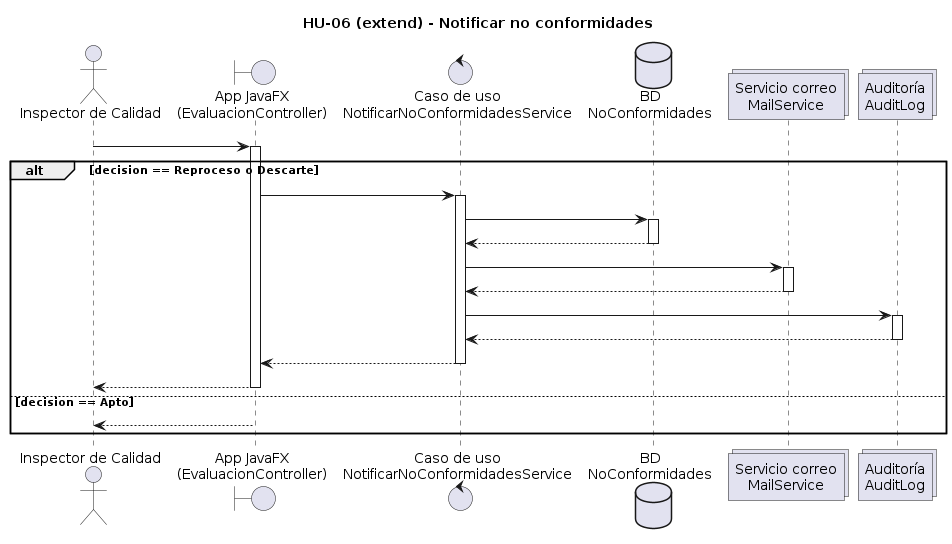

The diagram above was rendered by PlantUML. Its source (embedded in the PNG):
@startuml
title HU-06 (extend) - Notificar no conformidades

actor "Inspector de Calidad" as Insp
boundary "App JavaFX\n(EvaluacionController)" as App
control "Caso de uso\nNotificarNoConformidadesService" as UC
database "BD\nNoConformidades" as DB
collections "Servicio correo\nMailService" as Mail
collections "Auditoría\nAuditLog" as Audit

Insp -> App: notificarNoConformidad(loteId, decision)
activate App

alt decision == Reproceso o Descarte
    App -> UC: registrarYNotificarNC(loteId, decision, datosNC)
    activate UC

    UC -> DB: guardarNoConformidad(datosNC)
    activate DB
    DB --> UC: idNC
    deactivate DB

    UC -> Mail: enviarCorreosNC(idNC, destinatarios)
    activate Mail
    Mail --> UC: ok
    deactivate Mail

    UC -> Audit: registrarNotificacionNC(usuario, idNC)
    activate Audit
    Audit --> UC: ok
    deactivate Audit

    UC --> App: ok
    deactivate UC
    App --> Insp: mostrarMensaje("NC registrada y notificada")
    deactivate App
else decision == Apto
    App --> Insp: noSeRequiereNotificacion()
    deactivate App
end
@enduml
#####
### Requirement
Restate exactly each line of the data from the one bearing "deactivate DB" to the end, and add nothing.

### Solution for this task
    deactivate DB

    UC -> Mail: enviarCorreosNC(idNC, destinatarios)
    activate Mail
    Mail --> UC: ok
    deactivate Mail

    UC -> Audit: registrarNotificacionNC(usuario, idNC)
    activate Audit
    Audit --> UC: ok
    deactivate Audit

    UC --> App: ok
    deactivate UC
    App --> Insp: mostrarMensaje("NC registrada y notificada")
    deactivate App
else decision == Apto
    App --> Insp: noSeRequiereNotificacion()
    deactivate App
end
@enduml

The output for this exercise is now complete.